The spleen serves two major functions in humans. First, it plays an important role in adaptive immunity; groups of B and T lymphocytes reside in the spleen. These white blood cells produce antibodies, fight bacteria and viruses and destroy infected cells. Second, the spleen holds a third of the body's platelets in reserve. If a person suffers an internal hemorrhage, the spleen releases these platelets into the circulation.

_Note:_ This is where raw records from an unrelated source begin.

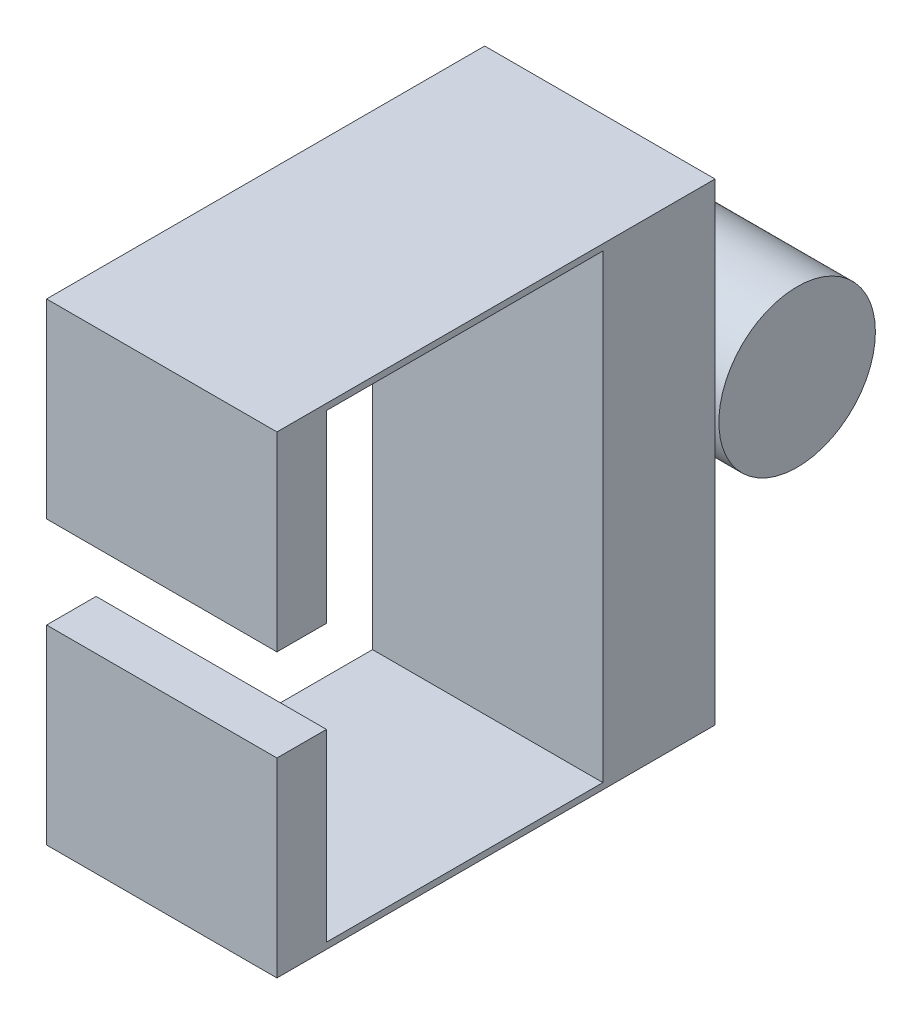
ISO-10303-21;
HEADER;
FILE_DESCRIPTION(('STEP AP214'),'2;1');
FILE_NAME('part.step','',(''),(''),'','','');
FILE_SCHEMA(('AUTOMOTIVE_DESIGN { 1 0 10303 214 1 1 1 1 }'));
ENDSEC;
DATA;
#1=APPLICATION_CONTEXT('core data for automotive mechanical design processes');
#2=APPLICATION_PROTOCOL_DEFINITION('international standard','automotive_design',2000,#1);
#3=PRODUCT_CONTEXT('',#1,'mechanical');
#4=PRODUCT('Part','Part','',(#3));
#5=PRODUCT_RELATED_PRODUCT_CATEGORY('part','',(#4));
#6=PRODUCT_DEFINITION_FORMATION('','',#4);
#7=PRODUCT_DEFINITION_CONTEXT('part definition',#1,'design');
#8=PRODUCT_DEFINITION('design','',#6,#7);
#9=PRODUCT_DEFINITION_SHAPE('','',#8);
#10=(LENGTH_UNIT() NAMED_UNIT(*) SI_UNIT(.MILLI.,.METRE.));
#11=(NAMED_UNIT(*) PLANE_ANGLE_UNIT() SI_UNIT($,.RADIAN.));
#12=(NAMED_UNIT(*) SI_UNIT($,.STERADIAN.) SOLID_ANGLE_UNIT());
#13=UNCERTAINTY_MEASURE_WITH_UNIT(LENGTH_MEASURE(1.E-05),#10,'distance_accuracy_value','');
#14=(GEOMETRIC_REPRESENTATION_CONTEXT(3) GLOBAL_UNCERTAINTY_ASSIGNED_CONTEXT((#13)) GLOBAL_UNIT_ASSIGNED_CONTEXT((#10,
#11,#12)) REPRESENTATION_CONTEXT('',''));
#15=CARTESIAN_POINT('',(0.,0.,0.));
#16=DIRECTION('',(0.,0.,1.));
#17=DIRECTION('',(1.,0.,0.));
#18=AXIS2_PLACEMENT_3D('',#15,#16,#17);
#19=CARTESIAN_POINT('',(-3.05675929736877,31.72968,74.9989691432887));
#20=DIRECTION('',(0.,1.,0.));
#21=DIRECTION('',(-1.,0.,0.));
#22=AXIS2_PLACEMENT_3D('',#19,#20,#21);
#23=PLANE('',#22);
#24=DIRECTION('',(1.,0.,0.));
#25=VECTOR('',#24,1.);
#26=CARTESIAN_POINT('',(-3.05675929736877,31.72968,68.1736477814844));
#27=LINE('',#26,#25);
#28=CARTESIAN_POINT('',(-3.05675929736877,31.72968,68.1736477814844));
#29=VERTEX_POINT('',#28);
#30=CARTESIAN_POINT('',(28.6932407026312,31.72968,68.1736477814844));
#31=VERTEX_POINT('',#30);
#32=EDGE_CURVE('E62',#29,#31,#27,.T.);
#33=ORIENTED_EDGE('',*,*,#32,.F.);
#34=DIRECTION('',(0.,0.,-1.));
#35=VECTOR('',#34,1.);
#36=CARTESIAN_POINT('',(-3.05675929736877,31.72968,74.9989691432887));
#37=LINE('',#36,#35);
#38=CARTESIAN_POINT('',(-3.05675929736877,31.72968,30.0736477814844));
#39=VERTEX_POINT('',#38);
#40=EDGE_CURVE('E11',#29,#39,#37,.T.);
#41=ORIENTED_EDGE('',*,*,#40,.T.);
#42=DIRECTION('',(1.,0.,0.));
#43=VECTOR('',#42,1.);
#44=CARTESIAN_POINT('',(-3.05675929736877,31.72968,30.0736477814844));
#45=LINE('',#44,#43);
#46=CARTESIAN_POINT('',(28.6932407026312,31.72968,30.0736477814844));
#47=VERTEX_POINT('',#46);
#48=EDGE_CURVE('E103',#39,#47,#45,.T.);
#49=ORIENTED_EDGE('',*,*,#48,.T.);
#50=DIRECTION('',(0.,0.,-1.));
#51=VECTOR('',#50,1.);
#52=CARTESIAN_POINT('',(28.6932407026312,31.72968,74.9989691432887));
#53=LINE('',#52,#51);
#54=EDGE_CURVE('E56',#31,#47,#53,.T.);
#55=ORIENTED_EDGE('',*,*,#54,.F.);
#56=EDGE_LOOP('',(#33,#41,#49,#55));
#57=FACE_BOUND('',#56,.T.);
#58=ADVANCED_FACE('F47',(#57),#23,.F.);
#59=CARTESIAN_POINT('',(-3.05675929736877,32.5937994297519,74.9989691432887));
#60=DIRECTION('',(1.,0.,0.));
#61=DIRECTION('',(0.,0.,-1.));
#62=AXIS2_PLACEMENT_3D('',#59,#60,#61);
#63=PLANE('',#62);
#64=DIRECTION('',(0.,0.,-1.));
#65=VECTOR('',#64,1.);
#66=CARTESIAN_POINT('',(-3.05675929736877,32.5937994297519,74.9989691432887));
#67=LINE('',#66,#65);
#68=CARTESIAN_POINT('',(-3.05675929736877,32.5937994297519,74.9989691432887));
#69=VERTEX_POINT('',#68);
#70=CARTESIAN_POINT('',(-3.05675929736877,32.5937994297519,14.6102924320035));
#71=VERTEX_POINT('',#70);
#72=EDGE_CURVE('E153',#69,#71,#67,.T.);
#73=ORIENTED_EDGE('',*,*,#72,.T.);
#74=DIRECTION('',(0.,-1.,0.));
#75=VECTOR('',#74,1.);
#76=CARTESIAN_POINT('',(-3.05675929736877,32.5937994297519,14.6102924320035));
#77=LINE('',#76,#75);
#78=CARTESIAN_POINT('',(-3.05675929736877,12.7,14.6102924320035));
#79=VERTEX_POINT('',#78);
#80=EDGE_CURVE('E190',#71,#79,#77,.T.);
#81=ORIENTED_EDGE('',*,*,#80,.T.);
#82=DIRECTION('',(0.,0.,-1.));
#83=VECTOR('',#82,1.);
#84=CARTESIAN_POINT('',(-3.05675929736877,12.7,-0.629707567996452));
#85=LINE('',#84,#83);
#86=CARTESIAN_POINT('',(-3.05675929736877,12.7,-0.629707567996452));
#87=VERTEX_POINT('',#86);
#88=EDGE_CURVE('E214',#79,#87,#85,.T.);
#89=ORIENTED_EDGE('',*,*,#88,.T.);
#90=CARTESIAN_POINT('',(-3.05675929736877,2.54,-0.62970756799652));
#91=DIRECTION('',(-1.,0.,0.));
#92=DIRECTION('',(0.,0.,-1.));
#93=AXIS2_PLACEMENT_3D('',#90,#91,#92);
#94=CIRCLE('',#93,10.16);
#95=CARTESIAN_POINT('',(-3.05675929736877,2.53999999999993,-10.7897075679965));
#96=VERTEX_POINT('',#95);
#97=EDGE_CURVE('E218',#87,#96,#94,.T.);
#98=ORIENTED_EDGE('',*,*,#97,.T.);
#99=DIRECTION('',(0.,-1.,0.));
#100=VECTOR('',#99,1.);
#101=CARTESIAN_POINT('',(-3.05675929736877,-2.53999999999993,-10.7897075679965));
#102=LINE('',#101,#100);
#103=CARTESIAN_POINT('',(-3.05675929736877,-2.53999999999993,-10.7897075679965));
#104=VERTEX_POINT('',#103);
#105=EDGE_CURVE('E222',#96,#104,#102,.T.);
#106=ORIENTED_EDGE('',*,*,#105,.T.);
#107=CARTESIAN_POINT('',(-3.05675929736877,-2.54,-0.629707567996522));
#108=DIRECTION('',(-1.,0.,0.));
#109=DIRECTION('',(0.,0.,-1.));
#110=AXIS2_PLACEMENT_3D('',#107,#108,#109);
#111=CIRCLE('',#110,10.16);
#112=CARTESIAN_POINT('',(-3.05675929736877,-12.7,-0.629707567996445));
#113=VERTEX_POINT('',#112);
#114=EDGE_CURVE('E205',#104,#113,#111,.T.);
#115=ORIENTED_EDGE('',*,*,#114,.T.);
#116=DIRECTION('',(0.,0.,1.));
#117=VECTOR('',#116,1.);
#118=CARTESIAN_POINT('',(-3.05675929736877,-12.7,-0.629707567996445));
#119=LINE('',#118,#117);
#120=CARTESIAN_POINT('',(-3.05675929736877,-12.7,14.6102924320035));
#121=VERTEX_POINT('',#120);
#122=EDGE_CURVE('E209',#113,#121,#119,.T.);
#123=ORIENTED_EDGE('',*,*,#122,.T.);
#124=CARTESIAN_POINT('',(-3.05675929736876,-32.5937994297519,14.6102924320035));
#125=VERTEX_POINT('',#124);
#126=EDGE_CURVE('E189',#121,#125,#77,.T.);
#127=ORIENTED_EDGE('',*,*,#126,.T.);
#128=DIRECTION('',(0.,0.,-1.));
#129=VECTOR('',#128,1.);
#130=CARTESIAN_POINT('',(-3.05675929736876,-32.5937994297519,30.0736477814844));
#131=LINE('',#130,#129);
#132=CARTESIAN_POINT('',(-3.05675929736877,-32.5937994297519,74.9989691432887));
#133=VERTEX_POINT('',#132);
#134=EDGE_CURVE('E200',#133,#125,#131,.T.);
#135=ORIENTED_EDGE('',*,*,#134,.F.);
#136=DIRECTION('',(0.,1.,0.));
#137=VECTOR('',#136,1.);
#138=CARTESIAN_POINT('',(-3.05675929736877,-32.5937994297519,74.9989691432887));
#139=LINE('',#138,#137);
#140=CARTESIAN_POINT('',(-3.05675929736877,-6.32968,74.9989691432887));
#141=VERTEX_POINT('',#140);
#142=EDGE_CURVE('E611',#133,#141,#139,.T.);
#143=ORIENTED_EDGE('',*,*,#142,.T.);
#144=DIRECTION('',(0.,0.,-1.));
#145=VECTOR('',#144,1.);
#146=CARTESIAN_POINT('',(-3.05675929736877,-6.32968,74.9989691432887));
#147=LINE('',#146,#145);
#148=CARTESIAN_POINT('',(-3.05675929736877,-6.32968,68.1736477814844));
#149=VERTEX_POINT('',#148);
#150=EDGE_CURVE('E594',#141,#149,#147,.T.);
#151=ORIENTED_EDGE('',*,*,#150,.T.);
#152=DIRECTION('',(0.,-1.,0.));
#153=VECTOR('',#152,1.);
#154=CARTESIAN_POINT('',(-3.05675929736877,-6.32968,68.1736477814844));
#155=LINE('',#154,#153);
#156=CARTESIAN_POINT('',(-3.05675929736877,-31.72968,68.1736477814844));
#157=VERTEX_POINT('',#156);
#158=EDGE_CURVE('E625',#149,#157,#155,.T.);
#159=ORIENTED_EDGE('',*,*,#158,.T.);
#160=DIRECTION('',(0.,0.,-1.));
#161=VECTOR('',#160,1.);
#162=CARTESIAN_POINT('',(-3.05675929736877,-31.72968,74.9989691432887));
#163=LINE('',#162,#161);
#164=CARTESIAN_POINT('',(-3.05675929736877,-31.72968,30.0736477814844));
#165=VERTEX_POINT('',#164);
#166=EDGE_CURVE('E170',#157,#165,#163,.T.);
#167=ORIENTED_EDGE('',*,*,#166,.T.);
#168=DIRECTION('',(0.,-1.,0.));
#169=VECTOR('',#168,1.);
#170=CARTESIAN_POINT('',(-3.05675929736877,32.5937994297519,30.0736477814844));
#171=LINE('',#170,#169);
#172=EDGE_CURVE('E166',#39,#165,#171,.T.);
#173=ORIENTED_EDGE('',*,*,#172,.F.);
#174=ORIENTED_EDGE('',*,*,#40,.F.);
#175=DIRECTION('',(0.,1.,0.));
#176=VECTOR('',#175,1.);
#177=CARTESIAN_POINT('',(-3.05675929736877,6.32968,68.1736477814844));
#178=LINE('',#177,#176);
#179=CARTESIAN_POINT('',(-3.05675929736877,6.32968,68.1736477814844));
#180=VERTEX_POINT('',#179);
#181=EDGE_CURVE('E130',#180,#29,#178,.T.);
#182=ORIENTED_EDGE('',*,*,#181,.F.);
#183=DIRECTION('',(0.,0.,-1.));
#184=VECTOR('',#183,1.);
#185=CARTESIAN_POINT('',(-3.05675929736877,6.32968,74.9989691432887));
#186=LINE('',#185,#184);
#187=CARTESIAN_POINT('',(-3.05675929736877,6.32968,74.9989691432887));
#188=VERTEX_POINT('',#187);
#189=EDGE_CURVE('E119',#188,#180,#186,.T.);
#190=ORIENTED_EDGE('',*,*,#189,.F.);
#191=DIRECTION('',(0.,-1.,0.));
#192=VECTOR('',#191,1.);
#193=CARTESIAN_POINT('',(-3.05675929736877,32.5937994297519,74.9989691432887));
#194=LINE('',#193,#192);
#195=EDGE_CURVE('E88',#69,#188,#194,.T.);
#196=ORIENTED_EDGE('',*,*,#195,.F.);
#197=EDGE_LOOP('',(#73,#81,#89,#98,#106,#115,#123,#127,#135,#143,#151,#159,#167,#173,#174,#182,
#190,#196));
#198=FACE_BOUND('',#197,.T.);
#199=ADVANCED_FACE('F49',(#198),#63,.F.);
#200=CARTESIAN_POINT('',(28.6932407026312,32.5937994297519,74.9989691432887));
#201=DIRECTION('',(-1.,0.,0.));
#202=DIRECTION('',(0.,0.,1.));
#203=AXIS2_PLACEMENT_3D('',#200,#201,#202);
#204=PLANE('',#203);
#205=ORIENTED_EDGE('',*,*,#54,.T.);
#206=DIRECTION('',(0.,1.,0.));
#207=VECTOR('',#206,1.);
#208=CARTESIAN_POINT('',(28.6932407026312,32.5937994297519,30.0736477814844));
#209=LINE('',#208,#207);
#210=CARTESIAN_POINT('',(28.6932407026312,-31.72968,30.0736477814844));
#211=VERTEX_POINT('',#210);
#212=EDGE_CURVE('E82',#211,#47,#209,.T.);
#213=ORIENTED_EDGE('',*,*,#212,.F.);
#214=DIRECTION('',(0.,0.,-1.));
#215=VECTOR('',#214,1.);
#216=CARTESIAN_POINT('',(28.6932407026312,-31.72968,74.9989691432887));
#217=LINE('',#216,#215);
#218=CARTESIAN_POINT('',(28.6932407026312,-31.72968,68.1736477814844));
#219=VERTEX_POINT('',#218);
#220=EDGE_CURVE('E631',#219,#211,#217,.T.);
#221=ORIENTED_EDGE('',*,*,#220,.F.);
#222=DIRECTION('',(0.,-1.,0.));
#223=VECTOR('',#222,1.);
#224=CARTESIAN_POINT('',(28.6932407026312,-6.32968,68.1736477814844));
#225=LINE('',#224,#223);
#226=CARTESIAN_POINT('',(28.6932407026312,-6.32968,68.1736477814844));
#227=VERTEX_POINT('',#226);
#228=EDGE_CURVE('E665',#227,#219,#225,.T.);
#229=ORIENTED_EDGE('',*,*,#228,.F.);
#230=DIRECTION('',(0.,0.,1.));
#231=VECTOR('',#230,1.);
#232=CARTESIAN_POINT('',(28.6932407026312,-6.32968,74.9989691432887));
#233=LINE('',#232,#231);
#234=CARTESIAN_POINT('',(28.6932407026312,-6.32968,74.9989691432887));
#235=VERTEX_POINT('',#234);
#236=EDGE_CURVE('E667',#227,#235,#233,.T.);
#237=ORIENTED_EDGE('',*,*,#236,.T.);
#238=DIRECTION('',(0.,-1.,0.));
#239=VECTOR('',#238,1.);
#240=CARTESIAN_POINT('',(28.6932407026312,-32.5937994297519,74.9989691432887));
#241=LINE('',#240,#239);
#242=CARTESIAN_POINT('',(28.6932407026312,-32.5937994297519,74.9989691432887));
#243=VERTEX_POINT('',#242);
#244=EDGE_CURVE('E617',#235,#243,#241,.T.);
#245=ORIENTED_EDGE('',*,*,#244,.T.);
#246=DIRECTION('',(0.,0.,-1.));
#247=VECTOR('',#246,1.);
#248=CARTESIAN_POINT('',(28.6932407026312,-32.5937994297519,30.0736477814844));
#249=LINE('',#248,#247);
#250=CARTESIAN_POINT('',(28.6932407026312,-32.5937994297519,14.6102924320035));
#251=VERTEX_POINT('',#250);
#252=EDGE_CURVE('E177',#243,#251,#249,.T.);
#253=ORIENTED_EDGE('',*,*,#252,.T.);
#254=DIRECTION('',(0.,1.,0.));
#255=VECTOR('',#254,1.);
#256=CARTESIAN_POINT('',(28.6932407026312,32.5937994297519,14.6102924320035));
#257=LINE('',#256,#255);
#258=CARTESIAN_POINT('',(28.6932407026312,32.5937994297519,14.6102924320035));
#259=VERTEX_POINT('',#258);
#260=EDGE_CURVE('E173',#251,#259,#257,.T.);
#261=ORIENTED_EDGE('',*,*,#260,.T.);
#262=DIRECTION('',(0.,0.,-1.));
#263=VECTOR('',#262,1.);
#264=CARTESIAN_POINT('',(28.6932407026312,32.5937994297519,74.9989691432887));
#265=LINE('',#264,#263);
#266=CARTESIAN_POINT('',(28.6932407026312,32.5937994297519,74.9989691432887));
#267=VERTEX_POINT('',#266);
#268=EDGE_CURVE('E159',#267,#259,#265,.T.);
#269=ORIENTED_EDGE('',*,*,#268,.F.);
#270=DIRECTION('',(0.,1.,0.));
#271=VECTOR('',#270,1.);
#272=CARTESIAN_POINT('',(28.6932407026312,32.5937994297519,74.9989691432887));
#273=LINE('',#272,#271);
#274=CARTESIAN_POINT('',(28.6932407026312,6.32968,74.9989691432887));
#275=VERTEX_POINT('',#274);
#276=EDGE_CURVE('E135',#275,#267,#273,.T.);
#277=ORIENTED_EDGE('',*,*,#276,.F.);
#278=DIRECTION('',(0.,0.,1.));
#279=VECTOR('',#278,1.);
#280=CARTESIAN_POINT('',(28.6932407026312,6.32968,74.9989691432887));
#281=LINE('',#280,#279);
#282=CARTESIAN_POINT('',(28.6932407026312,6.32968,68.1736477814844));
#283=VERTEX_POINT('',#282);
#284=EDGE_CURVE('E117',#283,#275,#281,.T.);
#285=ORIENTED_EDGE('',*,*,#284,.F.);
#286=DIRECTION('',(0.,1.,0.));
#287=VECTOR('',#286,1.);
#288=CARTESIAN_POINT('',(28.6932407026312,6.32968,68.1736477814844));
#289=LINE('',#288,#287);
#290=EDGE_CURVE('E126',#283,#31,#289,.T.);
#291=ORIENTED_EDGE('',*,*,#290,.T.);
#292=EDGE_LOOP('',(#205,#213,#221,#229,#237,#245,#253,#261,#269,#277,#285,#291));
#293=FACE_BOUND('',#292,.T.);
#294=ADVANCED_FACE('F133',(#293),#204,.F.);
#295=CARTESIAN_POINT('',(-3.05675929736877,32.5937994297519,74.9989691432887));
#296=DIRECTION('',(0.,-1.,0.));
#297=DIRECTION('',(1.,0.,0.));
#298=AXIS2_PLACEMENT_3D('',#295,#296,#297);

The spleen also plays a role in removing and recycling senescent or damaged red blood cells; however, the bulk of this activity takes place in the liver.
The spleen is located so deep inside the body that it can't be palpated in the vast majority of healthy people. In certain disease states, however, the spleen becomes enlarged; this condition is known as splenomegaly. Certain viral infections, such as Epstein-Barr Virus, as well as leukemia or lymphoma can cause splenomegaly. An enlarged spleen is prone to rupture; a ruptured spleen is a life-threatening event that can only be treated surgically.
In people with sickle cell anemia, the spleen sustains progressive damage starting in infancy. By adolescence, sickle cell patients have no functional spleen left. Although functional asplenia raises the risk of infections, in particular streptococcal pneumonia, meningococcus, salmonella and Haemophilus influenzae, vaccinations against these encapsulated bacteria are generally effective at protecting sickle cell patients.